What the hell changed? Was it the money? Was it the lukewarm industry reception for the could-have-been magnum opus that was Pinkerton? Must one need to be struggling, hungry, and miserable to make the kind of records that sent a generation of disenfranchised pre-hipsters out on the hunt for thick rimmed specs and cardigans? How, exactly, do you explain or excuse Hurley? Raditude? Is it all just a great big troll? I could get behind that — some thankless expenditure of record industry funds and time. Still, even that explanation doesn’t quite add up beyond the notion that I am simply too out-of-touch or beneath the comprehension of Rivers Cuomo’s Harvard-educated sense of humor and/or artistic motivations, and that it has all sailed over my head. Still, Butch Walker has a production credit! Rick Rubin was involved! I don’t get it.

Despite all of this, I’ll still go see you when you come to my town (June 8 at Hard Rock Live), if only to revel in the nostalgia of the cult hits you’re expected to play.

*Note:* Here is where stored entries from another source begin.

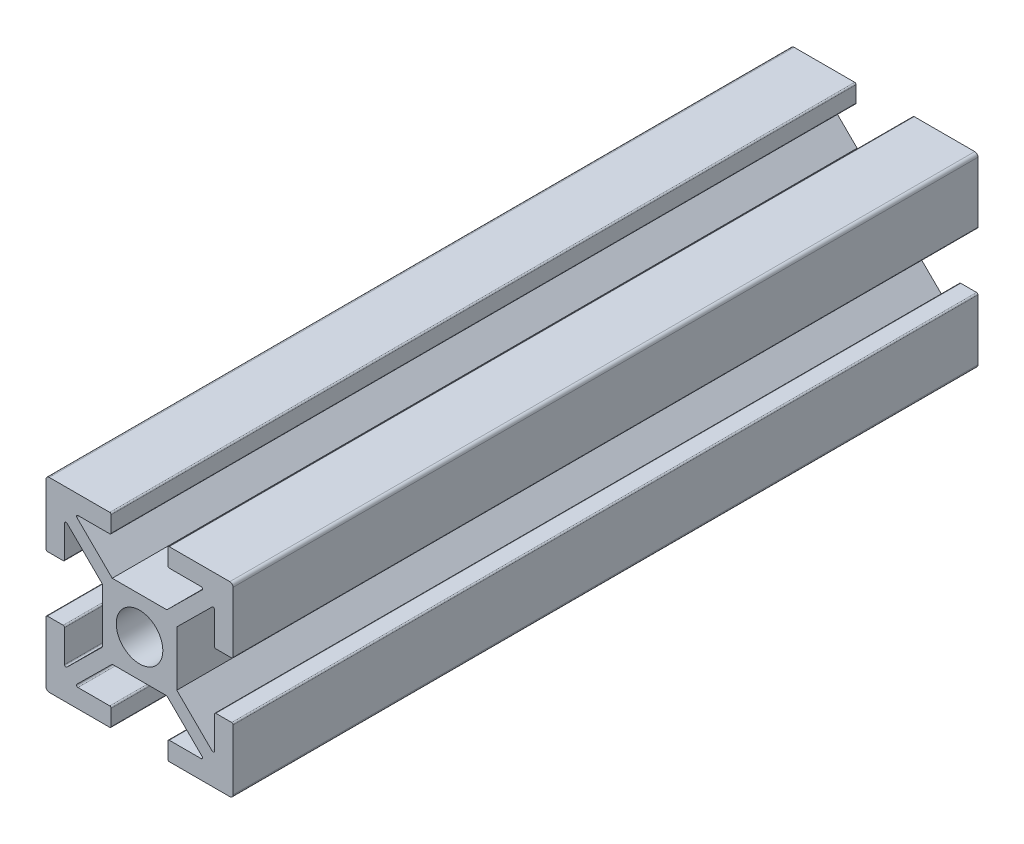
SolidWorks part; units mm, degrees
ref_plane "Front Plane" through (0, 0, 0) normal (0, 0, 1) x (1, 0, 0)
ref_plane "Top Plane" through (0, 0, 0) normal (0, 1, 0) x (1, 0, 0)
ref_plane "Right Plane" through (0, 0, 0) normal (1, 0, 0) x (0, 0, -1)
sketch "Sketch1" plane through (0, 0, 0) normal (0, 0, 1) x (1, 0, 0)
  line L0 (-31.3764, -0.0618) -> (-29.6764, -0.0618)
  line L1 (-24.6764, 6.9382) -> (-31.1764, 6.9382)
  line L2 (-31.5264, 0.0882) -> (-31.5264, 6.5882)
  line L3 (-18.5469, 0.9382) -> (-24.4133, 0.9382)
  line L4 (-25.4801, -6.0072) -> (-25.4801, -0.1164)
  line L5 (-29.5264, 0.0882) -> (-29.5264, 3.5244)
  line L6 (-28.0945, 4.9382) -> (-24.6764, 4.9382)
  line L7 (-24.5264, 5.0882) -> (-24.5264, 6.7882)
  line L8 (-29.5264, 4.9382) -> (-25.4801, 0.9382) construction
  line L9 (-29.271, 3.631) -> (-25.4801, -0.1164)
  line L10 (-28.1999, 4.6815) -> (-24.4133, 0.9382)
  line L11 (-13.4338, 4.9382) -> (-17.4801, 0.9382) construction
  line L12 (-21.4801, -3.0618) -> (-21.4801, 8.6268) construction
  line L13 (-21.4801, -3.0618) -> (-36.4642, -3.0618) construction
  line L14 (-14.7603, 4.6815) -> (-18.5469, 0.9382)
  line L15 (-13.6893, 3.631) -> (-17.4801, -0.1164)
  line L16 (-18.4338, 5.0882) -> (-18.4338, 6.7882)
  line L17 (-14.8657, 4.9382) -> (-18.2838, 4.9382)
  line L18 (-13.4338, 0.0882) -> (-13.4338, 3.5244)
  line L19 (-17.4801, -6.0072) -> (-17.4801, -0.1164)
  line L20 (-11.4338, 0.0882) -> (-11.4338, 6.5882)
  line L21 (-18.2838, 6.9382) -> (-11.7838, 6.9382)
  line L22 (-11.5838, -0.0618) -> (-13.2838, -0.0618)
  line L23 (-13.4338, -11.0618) -> (-17.4801, -7.0618) construction
  line L24 (-29.5264, -11.0618) -> (-25.4801, -7.0618) construction
  line L25 (-11.5838, -6.0618) -> (-13.2838, -6.0618)
  line L26 (-18.2838, -13.0618) -> (-11.7838, -13.0618)
  line L27 (-11.4338, -6.2118) -> (-11.4338, -12.7118)
  line L28 (-13.4338, -6.2118) -> (-13.4338, -9.648)
  line L29 (-14.8657, -11.0618) -> (-18.2838, -11.0618)
  line L30 (-18.4338, -11.2118) -> (-18.4338, -12.9118)
  line L31 (-13.6893, -9.7547) -> (-17.4801, -6.0072)
  line L32 (-14.7603, -10.8051) -> (-18.5469, -7.0618)
  line L33 (-28.1999, -10.8051) -> (-24.4133, -7.0618)
  line L34 (-29.271, -9.7547) -> (-25.4801, -6.0072)
  line L35 (-24.5264, -11.2118) -> (-24.5264, -12.9118)
  line L36 (-28.0945, -11.0618) -> (-24.6764, -11.0618)
  line L37 (-29.5264, -6.2118) -> (-29.5264, -9.648)
  line L38 (-18.5469, -7.0618) -> (-24.4133, -7.0618)
  line L39 (-31.5264, -6.2118) -> (-31.5264, -12.7118)
  line L40 (-24.6764, -13.0618) -> (-31.1764, -13.0618)
  line L41 (-31.3764, -6.0618) -> (-29.6764, -6.0618)
  circle A0 centre (-21.4801, -3.0618) radius 2.5
  arc A1 (-31.5264, 6.5882) -> (-31.1764, 6.9382) centre (-31.1764, 6.5882) cw
  arc A2 (-31.3764, -0.0618) -> (-31.5264, 0.0882) centre (-31.3764, 0.0882) cw
  arc A3 (-29.6764, -0.0618) -> (-29.5264, 0.0882) centre (-29.6764, 0.0882) ccw
  arc A4 (-24.6764, 6.9382) -> (-24.5264, 6.7882) centre (-24.6764, 6.7882) cw
  arc A5 (-24.6764, 4.9382) -> (-24.5264, 5.0882) centre (-24.6764, 5.0882) ccw
  arc A6 (-28.1999, 4.6815) -> (-28.0945, 4.9382) centre (-28.0945, 4.7882) cw
  arc A7 (-29.271, 3.631) -> (-29.5264, 3.5244) centre (-29.3764, 3.5244) ccw
  arc A8 (-13.6893, 3.631) -> (-13.4338, 3.5244) centre (-13.5838, 3.5244) cw
  arc A9 (-14.7603, 4.6815) -> (-14.8657, 4.9382) centre (-14.8657, 4.7882) ccw
  arc A10 (-18.2838, 4.9382) -> (-18.4338, 5.0882) centre (-18.2838, 5.0882) cw
  arc A11 (-18.2838, 6.9382) -> (-18.4338, 6.7882) centre (-18.2838, 6.7882) ccw
  arc A12 (-13.2838, -0.0618) -> (-13.4338, 0.0882) centre (-13.2838, 0.0882) cw
  arc A13 (-11.5838, -0.0618) -> (-11.4338, 0.0882) centre (-11.5838, 0.0882) ccw
  arc A14 (-11.4338, 6.5882) -> (-11.7838, 6.9382) centre (-11.7838, 6.5882) ccw
  arc A15 (-11.4338, -12.7118) -> (-11.7838, -13.0618) centre (-11.7838, -12.7118) cw
  arc A16 (-11.5838, -6.0618) -> (-11.4338, -6.2118) centre (-11.5838, -6.2118) cw
  arc A17 (-13.2838, -6.0618) -> (-13.4338, -6.2118) centre (-13.2838, -6.2118) ccw
  arc A18 (-18.2838, -13.0618) -> (-18.4338, -12.9118) centre (-18.2838, -12.9118) cw
  arc A19 (-18.2838, -11.0618) -> (-18.4338, -11.2118) centre (-18.2838, -11.2118) ccw
  arc A20 (-14.7603, -10.8051) -> (-14.8657, -11.0618) centre (-14.8657, -10.9118) cw
  arc A21 (-13.6893, -9.7547) -> (-13.4338, -9.648) centre (-13.5838, -9.648) ccw
  arc A22 (-29.271, -9.7547) -> (-29.5264, -9.648) centre (-29.3764, -9.648) cw
  arc A23 (-28.1999, -10.8051) -> (-28.0945, -11.0618) centre (-28.0945, -10.9118) ccw
  arc A24 (-24.6764, -11.0618) -> (-24.5264, -11.2118) centre (-24.6764, -11.2118) cw
  arc A25 (-24.6764, -13.0618) -> (-24.5264, -12.9118) centre (-24.6764, -12.9118) ccw
  arc A26 (-29.6764, -6.0618) -> (-29.5264, -6.2118) centre (-29.6764, -6.2118) cw
  arc A27 (-31.3764, -6.0618) -> (-31.5264, -6.2118) centre (-31.3764, -6.2118) ccw
  arc A28 (-31.5264, -12.7118) -> (-31.1764, -13.0618) centre (-31.1764, -12.7118) ccw
  point P27 (-18.4338, 4.9382)
  point P28 (-11.4338, -13.0618)
  point P47 (-17.4801, -3.0618)
  point P57 (-21.4801, 0.9382)
  point P59 (-18.4338, 6.9382)
  point P60 (-13.4338, -0.0618)
  point P61 (-11.4338, -0.0618)
  point P62 (-11.4338, 6.9382)
  point P112 (-25.4801, -3.0618)
  point P113 (-11.4338, -6.0618)
  point P114 (-13.4338, -6.0618)
  point P115 (-18.4338, -13.0618)
  point P116 (-21.4801, -7.0618)
  point P117 (-24.5264, -11.0618)
  point P118 (-24.5264, -13.0618)
  point P119 (-29.5264, -6.0618)
  point P120 (-18.4338, -11.0618)
  point P121 (-31.5264, -6.0618)
  point P122 (-31.5264, -13.0618)
  dimension "D3" = 0.35
  dimension "D4" = 0.15
  dimension "D5" = 0.15
  dimension "D6" = 0.15
  dimension "D7" = 0.15
  dimension "D8" = 0.15
  dimension "D9" = 0.15
  dimension "D1" = 0.75
  dimension "D2" = 0.75
extrude "Boss-Extrude1" add sketch "Sketch1" along normal blind 80

And while I’ll be cringing through the oddball falsettos and trite choruses of “Beverly Hills,” know that you are the musical equivalent of an ex-lover that has let themselves go, but not quite hard enough to completely outshine the golden memories, and that I still love you (almost) unconditionally, and while that unconditional love may feel a little tough at the moment, know it’s because I know what you’re capable of, and I believe in a future with the Weezer comeback the fans really want — not just the Weezer comeback the accountants want.